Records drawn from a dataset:
»»

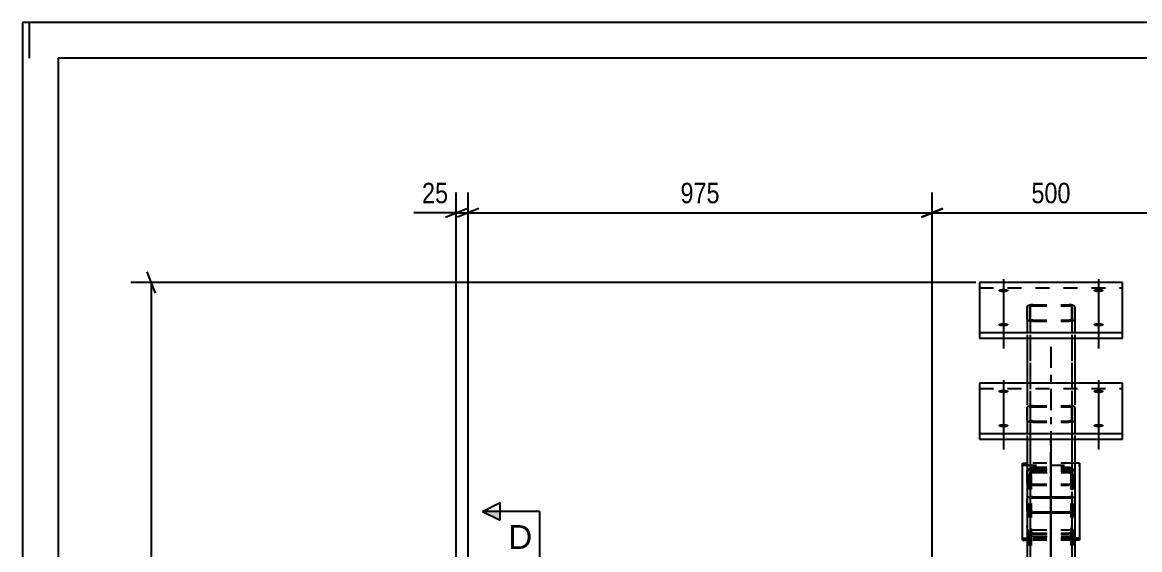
# Model space of a CAD drawing. Header units: millimetres. Extents: x 0 to 841, y 0 to 594.
# Drawn here: x 0 to 156.5, y 520.2 to 594 of the extents above; entities that cross this region are included whole.
import ezdxf

# ---------------------------------------------------------------- set-up
doc = ezdxf.new("R2010")
doc.units = ezdxf.units.MM
doc.linetypes.add('DXK_LINE_DOT2', pattern=[3.9198, 1.9599, -1.9599])
doc.linetypes.add('DXK_LINE_DOT3', pattern=[5.9187, 2.979, -0.9799, 0.9799, -0.9799])
doc.styles.add('Arial', font='ARIAL.TTF', dxfattribs={"height": 0.2})
doc.styles.add('Arial Narrow', font='ARIALN.TTF', dxfattribs={"height": 0.2})

# ---------------------------------------------------------------- blocks, each defined once
blk = doc.blocks.new('Unknown-284933746-1132')
at = {"color": 5, "linetype": 'Continuous'}
for p, q in [((841, 594), (0, 594)), ((0, 594), (0, 0)), ((1, 589), (1, 594)), ((836, 589), (5, 589)), ((5, 589), (5, 5))]:
    blk.add_line(p, q, dxfattribs=at)
blk = doc.blocks.new('Bolt-284933746-1981 - 1979')
at = {"linetype": 'Continuous'}
for points in [[(137.44, 556.22), (137.28, 556.23), (137.14, 556.24), (137, 556.27), (136.89, 556.3), (136.8, 556.35), (136.74, 556.39), (136.71, 556.45), (136.71, 556.5), (136.74, 556.55), (136.8, 556.6), (136.89, 556.64), (137, 556.67), (137.14, 556.7), (137.28, 556.72), (137.44, 556.72), (137.59, 556.72), (137.73, 556.7), (137.87, 556.67), (137.98, 556.64), (138.07, 556.6), (138.13, 556.55), (138.17, 556.5), (138.17, 556.45), (138.13, 556.39), (138.07, 556.35), (137.98, 556.3), (137.87, 556.27), (137.73, 556.24), (137.59, 556.23)], [(137.44, 551.43), (137.28, 551.44), (137.14, 551.45), (137, 551.48), (136.89, 551.52), (136.8, 551.56), (136.74, 551.61), (136.71, 551.66), (136.71, 551.71), (136.74, 551.76), (136.8, 551.81), (136.89, 551.85), (137, 551.89), (137.14, 551.91), (137.28, 551.93), (137.44, 551.93), (137.59, 551.93), (137.73, 551.91), (137.87, 551.89), (137.98, 551.85), (138.07, 551.81), (138.13, 551.76), (138.17, 551.71), (138.17, 551.66), (138.13, 551.61), (138.07, 551.56), (137.98, 551.52), (137.87, 551.48), (137.73, 551.45), (137.59, 551.44)]]:
    blk.add_hatch(color=1, dxfattribs=at).paths.add_polyline_path(points)
at = {"color": 1, "linetype": 'Continuous'}
for p, q in [((137.44, 558.04), (137.44, 553.15)), ((137.44, 553.25), (137.44, 548.36))]:
    blk.add_line(p, q, dxfattribs=at)
blk = doc.blocks.new('Part-284933746-1982 - 1979')
at = {"color": 7, "linetype": 'DXK_LINE_DOT2'}
for p, q in [((140.83, 554.3), (140.77, 554.19)), ((140.77, 552.46), (140.77, 554.19)), ((140.77, 554.19), (140.77, 531.26)), ((141, 554.39), (140.83, 554.3)), ((141.26, 554.45), (141, 554.39)), ((141.17, 554.19), (141.2, 554.25)), ((141.17, 552.46), (141.17, 554.19)), ((141.17, 554.19), (141.17, 531.26)), ((141.2, 554.25), (141.29, 554.29)), ((141.57, 554.47), (141.26, 554.45)), ((141.29, 554.29), (141.42, 554.32)), ((141.42, 554.32), (141.57, 554.33)), ((141.57, 554.47), (146.64, 554.47)), ((141.57, 554.33), (146.64, 554.33)), ((146.94, 554.45), (146.64, 554.47)), ((146.64, 554.33), (146.79, 554.32)), ((146.79, 554.32), (146.92, 554.29)), ((146.92, 554.29), (147.01, 554.25)), ((147.2, 554.39), (146.94, 554.45)), ((147.01, 554.25), (147.04, 554.19)), ((147.04, 552.46), (147.04, 554.19)), ((147.04, 554.19), (147.04, 531.26)), ((147.38, 554.3), (147.2, 554.39)), ((147.44, 554.19), (147.38, 554.3)), ((147.44, 552.46), (147.44, 554.19)), ((147.44, 554.19), (147.44, 531.26)), ((140.77, 552.46), (140.77, 549.79)), ((140.77, 552.46), (140.83, 552.36)), ((140.83, 552.36), (141, 552.27)), ((141, 552.27), (141.26, 552.21)), ((141.17, 552.46), (141.17, 529.52)), ((141.2, 552.41), (141.17, 552.46)), ((141.29, 552.36), (141.2, 552.41)), ((141.26, 552.21), (141.57, 552.19)), ((141.42, 552.34), (141.29, 552.36)), ((141.57, 552.32), (141.42, 552.34)), ((141.57, 552.32), (146.64, 552.32)), ((141.57, 552.19), (146.64, 552.19)), ((146.79, 552.34), (146.64, 552.32)), ((146.64, 552.19), (146.94, 552.21)), ((146.92, 552.36), (146.79, 552.34)), ((147.01, 552.41), (146.92, 552.36)), ((146.94, 552.21), (147.2, 552.27)), ((147.04, 552.46), (147.01, 552.41)), ((147.04, 552.46), (147.04, 529.52)), ((147.2, 552.27), (147.38, 552.36)), ((147.38, 552.36), (147.44, 552.46)), ((147.44, 552.46), (147.44, 549.79)), ((140.77, 543.49), (140.77, 529.52)), ((147.44, 543.49), (147.44, 529.52)), ((140.77, 531.26), (140.83, 531.36)), ((140.77, 529.52), (140.77, 531.26)), ((140.83, 531.36), (141, 531.45)), ((141, 531.45), (141.26, 531.51)), ((141.2, 531.31), (141.17, 531.26)), ((141.17, 531.26), (141.17, 529.52)), ((141.29, 531.35), (141.2, 531.31)), ((141.26, 531.51), (141.57, 531.53)), ((141.42, 531.38), (141.29, 531.35)), ((141.57, 531.39), (141.42, 531.38)), ((141.57, 531.53), (146.64, 531.53)), ((141.57, 531.39), (146.64, 531.39)), ((146.64, 531.53), (146.94, 531.51)), ((146.79, 531.38), (146.64, 531.39)), ((146.92, 531.35), (146.79, 531.38)), ((147.01, 531.31), (146.92, 531.35)), ((146.94, 531.51), (147.2, 531.45)), ((147.04, 531.26), (147.01, 531.31)), ((147.04, 529.52), (147.04, 531.26)), ((147.2, 531.45), (147.38, 531.36)), ((147.38, 531.36), (147.44, 531.26)), ((147.44, 529.52), (147.44, 531.26)), ((140.83, 529.42), (140.77, 529.52)), ((141, 529.33), (140.83, 529.42)), ((141.26, 529.27), (141, 529.33)), ((141.17, 529.52), (141.2, 529.47)), ((141.2, 529.47), (141.29, 529.43)), ((141.57, 529.25), (141.26, 529.27)), ((141.29, 529.43), (141.42, 529.4)), ((141.42, 529.4), (141.57, 529.39)), ((141.57, 529.39), (146.64, 529.39)), ((141.57, 529.25), (146.64, 529.25)), ((146.64, 529.39), (146.79, 529.4)), ((146.94, 529.27), (146.64, 529.25)), ((146.79, 529.4), (146.92, 529.43)), ((146.92, 529.43), (147.01, 529.47)), ((147.2, 529.33), (146.94, 529.27)), ((147.01, 529.47), (147.04, 529.52)), ((147.38, 529.42), (147.2, 529.33)), ((147.44, 529.52), (147.38, 529.42))]:
    blk.add_line(p, q, dxfattribs=at)
at = {"color": 2, "linetype": 'Continuous'}
for p, q in [((140.77, 549.79), (140.77, 543.49)), ((147.44, 549.79), (147.44, 543.49))]:
    blk.add_line(p, q, dxfattribs=at)
blk = doc.blocks.new('Part-284933746-1983 - 1979')
at = {"color": 7, "linetype": 'DXK_LINE_DOT3'}
blk.add_line((144.1, 548.61), (144.1, 506.87), dxfattribs=at)
at = {"color": 7, "linetype": 'DXK_LINE_DOT2'}
for p, q in [((140.83, 540.18), (140.77, 540.08)), ((140.77, 538.34), (140.77, 540.08)), ((140.77, 540.08), (140.77, 517.14)), ((141, 540.27), (140.83, 540.18)), ((141.26, 540.33), (141, 540.27)), ((141.17, 540.08), (141.2, 540.13)), ((141.17, 540.08), (141.17, 538.11)), ((141.17, 540.08), (141.17, 517.14)), ((141.2, 540.13), (141.29, 540.17)), ((141.57, 540.35), (141.26, 540.33)), ((141.29, 540.17), (141.42, 540.2)), ((141.42, 540.2), (141.57, 540.21)), ((141.57, 540.35), (146.64, 540.35)), ((141.57, 540.21), (146.64, 540.21)), ((146.94, 540.33), (146.64, 540.35)), ((146.64, 540.21), (146.79, 540.2)), ((146.79, 540.2), (146.92, 540.17)), ((146.92, 540.17), (147.01, 540.13)), ((147.2, 540.27), (146.94, 540.33)), ((147.01, 540.13), (147.04, 540.08)), ((147.04, 538.34), (147.04, 540.08)), ((147.04, 540.08), (147.04, 517.14)), ((147.38, 540.18), (147.2, 540.27)), ((147.44, 540.08), (147.38, 540.18)), ((147.44, 538.34), (147.44, 540.08)), ((147.44, 540.08), (147.44, 517.14)), ((140.77, 538.34), (140.77, 535.67)), ((140.77, 538.34), (140.83, 538.24)), ((140.83, 538.24), (141, 538.15)), ((141, 538.15), (141.26, 538.09)), ((141.2, 538.29), (141.17, 538.34)), ((141.17, 538.11), (141.17, 515.4)), ((141.29, 538.25), (141.2, 538.29)), ((141.26, 538.09), (141.57, 538.07)), ((141.42, 538.22), (141.29, 538.25)), ((141.57, 538.21), (141.42, 538.22)), ((141.57, 538.21), (146.64, 538.21)), ((141.57, 538.07), (146.64, 538.07)), ((146.79, 538.22), (146.64, 538.21)), ((146.64, 538.07), (146.94, 538.09)), ((146.92, 538.25), (146.79, 538.22)), ((147.01, 538.29), (146.92, 538.25)), ((146.94, 538.09), (147.2, 538.15)), ((147.04, 538.34), (147.01, 538.29)), ((147.04, 538.34), (147.04, 515.4)), ((147.2, 538.15), (147.38, 538.24)), ((147.38, 538.24), (147.44, 538.34)), ((147.44, 538.34), (147.44, 535.67)), ((140.77, 527.35), (140.77, 515.4)), ((147.44, 527.35), (147.44, 515.4)), ((140.77, 517.14), (140.83, 517.24)), ((140.77, 515.4), (140.77, 517.14)), ((140.83, 517.24), (141, 517.33)), ((141, 517.33), (141.26, 517.39)), ((141.2, 517.19), (141.17, 517.14)), ((141.17, 517.14), (141.17, 515.4)), ((141.29, 517.23), (141.2, 517.19)), ((141.26, 517.39), (141.57, 517.41)), ((141.42, 517.26), (141.29, 517.23)), ((141.57, 517.27), (141.42, 517.26)), ((141.57, 517.41), (146.64, 517.41)), ((141.57, 517.27), (146.64, 517.27)), ((146.64, 517.41), (146.94, 517.39)), ((146.79, 517.26), (146.64, 517.27)), ((146.92, 517.23), (146.79, 517.26)), ((147.01, 517.19), (146.92, 517.23)), ((146.94, 517.39), (147.2, 517.33)), ((147.04, 517.14), (147.01, 517.19)), ((147.04, 515.4), (147.04, 517.14)), ((147.2, 517.33), (147.38, 517.24)), ((147.38, 517.24), (147.44, 517.14)), ((147.44, 515.4), (147.44, 517.14)), ((140.83, 515.3), (140.77, 515.4)), ((141, 515.21), (140.83, 515.3)), ((141.26, 515.15), (141, 515.21)), ((141.17, 515.4), (141.2, 515.35)), ((141.2, 515.35), (141.29, 515.31)), ((141.57, 515.13), (141.26, 515.15)), ((141.29, 515.31), (141.42, 515.28)), ((141.42, 515.28), (141.57, 515.27)), ((141.57, 515.27), (146.64, 515.27)), ((141.57, 515.13), (146.64, 515.13)), ((146.64, 515.27), (146.79, 515.28)), ((146.94, 515.15), (146.64, 515.13)), ((146.79, 515.28), (146.92, 515.31)), ((146.92, 515.31), (147.01, 515.35)), ((147.2, 515.21), (146.94, 515.15)), ((147.01, 515.35), (147.04, 515.4)), ((147.38, 515.3), (147.2, 515.21)), ((147.44, 515.4), (147.38, 515.3))]:
    blk.add_line(p, q, dxfattribs=at)
at = {"color": 2, "linetype": 'Continuous'}
for p, q in [((140.77, 535.67), (140.77, 527.35)), ((147.44, 535.67), (147.44, 527.35))]:
    blk.add_line(p, q, dxfattribs=at)
blk = doc.blocks.new('Part-284933746-2051 - 1979')
at = {"color": 2, "linetype": 'Continuous'}
for p, q in [((140.1, 521.53), (140.1, 532.3)), ((140.1, 532.3), (140.77, 532.3)), ((148.1, 532.3), (147.44, 532.3)), ((148.1, 532.3), (148.1, 521.53)), ((140.1, 521.83), (140.77, 521.83)), ((140.1, 521.53), (140.77, 521.53)), ((148.1, 521.83), (147.44, 521.83)), ((148.1, 521.53), (147.44, 521.53))]:
    blk.add_line(p, q, dxfattribs=at)
at = {"color": 7, "linetype": 'DXK_LINE_DOT2'}
for p, q in [((147.44, 532.3), (140.77, 532.3)), ((140.1, 532.01), (148.1, 532.01)), ((147.44, 521.83), (140.77, 521.83)), ((147.44, 521.53), (140.77, 521.53))]:
    blk.add_line(p, q, dxfattribs=at)
blk = doc.blocks.new('Bolt-284933746-2053 - 1979')
at = {"linetype": 'Continuous'}
for points in [[(137.44, 542.1), (137.28, 542.11), (137.14, 542.12), (137, 542.15), (136.89, 542.18), (136.8, 542.23), (136.74, 542.27), (136.71, 542.33), (136.71, 542.38), (136.74, 542.43), (136.8, 542.48), (136.89, 542.52), (137, 542.55), (137.14, 542.58), (137.28, 542.6), (137.44, 542.6), (137.59, 542.6), (137.73, 542.58), (137.87, 542.55), (137.98, 542.52), (138.07, 542.48), (138.13, 542.43), (138.17, 542.38), (138.17, 542.33), (138.13, 542.27), (138.07, 542.23), (137.98, 542.18), (137.87, 542.15), (137.73, 542.12), (137.59, 542.11)], [(137.44, 537.31), (137.28, 537.32), (137.14, 537.33), (137, 537.36), (136.89, 537.4), (136.8, 537.44), (136.74, 537.49), (136.71, 537.54), (136.71, 537.59), (136.74, 537.64), (136.8, 537.69), (136.89, 537.73), (137, 537.77), (137.14, 537.79), (137.28, 537.81), (137.44, 537.81), (137.59, 537.81), (137.73, 537.79), (137.87, 537.77), (137.98, 537.73), (138.07, 537.69), (138.13, 537.64), (138.17, 537.59), (138.17, 537.54), (138.13, 537.49), (138.07, 537.44), (137.98, 537.4), (137.87, 537.36), (137.73, 537.33), (137.59, 537.32)]]:
    blk.add_hatch(color=1, dxfattribs=at).paths.add_polyline_path(points)
at = {"color": 1, "linetype": 'Continuous'}
for p, q in [((137.44, 543.92), (137.44, 539.03)), ((137.44, 539.13), (137.44, 534.24))]:
    blk.add_line(p, q, dxfattribs=at)
blk = doc.blocks.new('Bolt-284933746-2054 - 1979')
at = {"linetype": 'Continuous'}
for points in [[(150.77, 556.22), (150.62, 556.23), (150.47, 556.24), (150.34, 556.27), (150.22, 556.3), (150.13, 556.35), (150.07, 556.39), (150.04, 556.45), (150.04, 556.5), (150.07, 556.55), (150.13, 556.6), (150.22, 556.64), (150.34, 556.67), (150.47, 556.7), (150.62, 556.72), (150.77, 556.72), (150.92, 556.72), (151.07, 556.7), (151.2, 556.67), (151.31, 556.64), (151.4, 556.6), (151.47, 556.55), (151.5, 556.5), (151.5, 556.45), (151.47, 556.39), (151.4, 556.35), (151.31, 556.3), (151.2, 556.27), (151.07, 556.24), (150.92, 556.23)], [(150.77, 551.43), (150.62, 551.44), (150.47, 551.45), (150.34, 551.48), (150.22, 551.52), (150.13, 551.56), (150.07, 551.61), (150.04, 551.66), (150.04, 551.71), (150.07, 551.76), (150.13, 551.81), (150.22, 551.85), (150.34, 551.89), (150.47, 551.91), (150.62, 551.93), (150.77, 551.93), (150.92, 551.93), (151.07, 551.91), (151.2, 551.89), (151.31, 551.85), (151.4, 551.81), (151.47, 551.76), (151.5, 551.71), (151.5, 551.66), (151.47, 551.61), (151.4, 551.56), (151.31, 551.52), (151.2, 551.48), (151.07, 551.45), (150.92, 551.44)]]:
    blk.add_hatch(color=1, dxfattribs=at).paths.add_polyline_path(points)
at = {"color": 1, "linetype": 'Continuous'}
for p, q in [((150.77, 558.04), (150.77, 553.15)), ((150.77, 553.25), (150.77, 548.36))]:
    blk.add_line(p, q, dxfattribs=at)
blk = doc.blocks.new('Part-284933746-2055 - 1979')
at = {"color": 2, "linetype": 'Continuous'}
for p, q in [((154.1, 543.49), (134.1, 543.49)), ((134.1, 543.49), (134.1, 536.42)), ((154.1, 536.42), (154.1, 543.49)), ((154.1, 536.42), (134.1, 536.42)), ((134.1, 536.42), (134.1, 535.67)), ((134.1, 535.67), (154.1, 535.67)), ((154.1, 535.67), (154.1, 536.42))]:
    blk.add_line(p, q, dxfattribs=at)
at = {"color": 7, "linetype": 'DXK_LINE_DOT2'}
blk.add_line((134.1, 542.74), (154.1, 542.74), dxfattribs=at)
blk = doc.blocks.new('Part-284933746-2056 - 1979')
at = {"color": 7, "linetype": 'DXK_LINE_DOT3'}
blk.add_line((144.1, 535.88), (144.1, 492.65), dxfattribs=at)
at = {"color": 2, "linetype": 'Continuous'}
for p, q in [((141, 527.54), (140.83, 527.45)), ((141.26, 527.6), (141, 527.54)), ((141.57, 527.62), (141.26, 527.6)), ((141.42, 527.47), (141.57, 527.48)), ((141.57, 527.62), (146.64, 527.62)), ((141.57, 527.48), (146.64, 527.48)), ((146.94, 527.6), (146.64, 527.62)), ((146.64, 527.48), (146.79, 527.47)), ((147.2, 527.54), (146.94, 527.6)), ((147.38, 527.45), (147.2, 527.54)), ((140.83, 527.45), (140.77, 527.35)), ((140.77, 525.61), (140.77, 527.35)), ((141.17, 527.35), (141.2, 527.4)), ((141.17, 527.35), (141.17, 525.61)), ((141.2, 527.4), (141.29, 527.44)), ((141.29, 527.44), (141.42, 527.47)), ((146.79, 527.47), (146.92, 527.44)), ((146.92, 527.44), (147.01, 527.4)), ((147.01, 527.4), (147.04, 527.35)), ((147.04, 527.35), (147.04, 525.61)), ((147.44, 527.35), (147.38, 527.45)), ((147.44, 525.61), (147.44, 527.35)), ((140.77, 525.61), (140.77, 505.58)), ((140.77, 525.61), (140.83, 525.51)), ((140.83, 525.51), (141, 525.42)), ((141, 525.42), (141.26, 525.36)), ((141.2, 525.56), (141.17, 525.61)), ((141.29, 525.52), (141.2, 525.56)), ((141.26, 525.36), (141.57, 525.34)), ((141.42, 525.49), (141.29, 525.52)), ((141.57, 525.48), (141.42, 525.49)), ((141.57, 525.48), (146.64, 525.48)), ((141.57, 525.34), (146.64, 525.34)), ((146.79, 525.49), (146.64, 525.48)), ((146.64, 525.34), (146.94, 525.36)), ((146.92, 525.52), (146.79, 525.49)), ((147.01, 525.56), (146.92, 525.52)), ((146.94, 525.36), (147.2, 525.42)), ((147.04, 525.61), (147.01, 525.56)), ((147.2, 525.42), (147.38, 525.51)), ((147.38, 525.51), (147.44, 525.61)), ((147.44, 525.61), (147.44, 505.58))]:
    blk.add_line(p, q, dxfattribs=at)
at = {"color": 7, "linetype": 'DXK_LINE_DOT2'}
for p, q in [((140.77, 527.35), (140.77, 502.91)), ((141.17, 527.35), (141.17, 502.91)), ((147.04, 527.35), (147.04, 502.91)), ((147.44, 527.35), (147.44, 502.91)), ((141.17, 525.61), (141.17, 501.18)), ((147.04, 525.61), (147.04, 501.18)), ((140.77, 505.58), (140.77, 501.18)), ((147.44, 505.58), (147.44, 501.18)), ((140.77, 502.91), (140.83, 503.02)), ((140.77, 501.18), (140.77, 502.91)), ((140.83, 503.02), (141, 503.1)), ((141, 503.1), (141.26, 503.16)), ((141.2, 502.96), (141.17, 502.91)), ((141.17, 502.91), (141.17, 501.18)), ((141.29, 503.01), (141.2, 502.96)), ((141.26, 503.16), (141.57, 503.18)), ((141.42, 503.04), (141.29, 503.01)), ((141.57, 503.05), (141.42, 503.04)), ((141.57, 503.18), (146.64, 503.18)), ((141.57, 503.05), (146.64, 503.05)), ((146.64, 503.18), (146.94, 503.16)), ((146.79, 503.04), (146.64, 503.05)), ((146.92, 503.01), (146.79, 503.04)), ((147.01, 502.96), (146.92, 503.01)), ((146.94, 503.16), (147.2, 503.1)), ((147.04, 502.91), (147.01, 502.96)), ((147.04, 501.18), (147.04, 502.91)), ((147.2, 503.1), (147.38, 503.02)), ((147.38, 503.02), (147.44, 502.91)), ((147.44, 501.18), (147.44, 502.91)), ((140.83, 501.07), (140.77, 501.18)), ((141, 500.98), (140.83, 501.07)), ((141.26, 500.93), (141, 500.98)), ((141.17, 501.18), (141.2, 501.13)), ((141.2, 501.13), (141.29, 501.08)), ((141.57, 500.9), (141.26, 500.93)), ((141.29, 501.08), (141.42, 501.05)), ((141.42, 501.05), (141.57, 501.04)), ((141.57, 501.04), (146.64, 501.04)), ((141.57, 500.9), (146.64, 500.9)), ((146.64, 501.04), (146.79, 501.05)), ((146.94, 500.93), (146.64, 500.9)), ((146.79, 501.05), (146.92, 501.08)), ((146.92, 501.08), (147.01, 501.13)), ((147.2, 500.98), (146.94, 500.93)), ((147.01, 501.13), (147.04, 501.18)), ((147.38, 501.07), (147.2, 500.98)), ((147.44, 501.18), (147.38, 501.07))]:
    blk.add_line(p, q, dxfattribs=at)
blk = doc.blocks.new('Bolt-284933746-2075 - 1979')
at = {"linetype": 'Continuous'}
for points in [[(150.77, 542.1), (150.62, 542.11), (150.47, 542.12), (150.34, 542.15), (150.22, 542.18), (150.13, 542.23), (150.07, 542.27), (150.04, 542.33), (150.04, 542.38), (150.07, 542.43), (150.13, 542.48), (150.22, 542.52), (150.34, 542.55), (150.47, 542.58), (150.62, 542.6), (150.77, 542.6), (150.92, 542.6), (151.07, 542.58), (151.2, 542.55), (151.31, 542.52), (151.4, 542.48), (151.47, 542.43), (151.5, 542.38), (151.5, 542.33), (151.47, 542.27), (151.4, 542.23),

««

## [EXERCISE INSTRUCTIONS]
Which lines run from the one holding "blk = doc.blocks.new('Bolt-284933746-2075" through the end of the data? Write them out exactly, ends included, and add nothing.

## [FINISHED EXERCISE]
blk = doc.blocks.new('Bolt-284933746-2075 - 1979')
at = {"linetype": 'Continuous'}
for points in [[(150.77, 542.1), (150.62, 542.11), (150.47, 542.12), (150.34, 542.15), (150.22, 542.18), (150.13, 542.23), (150.07, 542.27), (150.04, 542.33), (150.04, 542.38), (150.07, 542.43), (150.13, 542.48), (150.22, 542.52), (150.34, 542.55), (150.47, 542.58), (150.62, 542.6), (150.77, 542.6), (150.92, 542.6), (151.07, 542.58), (151.2, 542.55), (151.31, 542.52), (151.4, 542.48), (151.47, 542.43), (151.5, 542.38), (151.5, 542.33), (151.47, 542.27), (151.4, 542.23),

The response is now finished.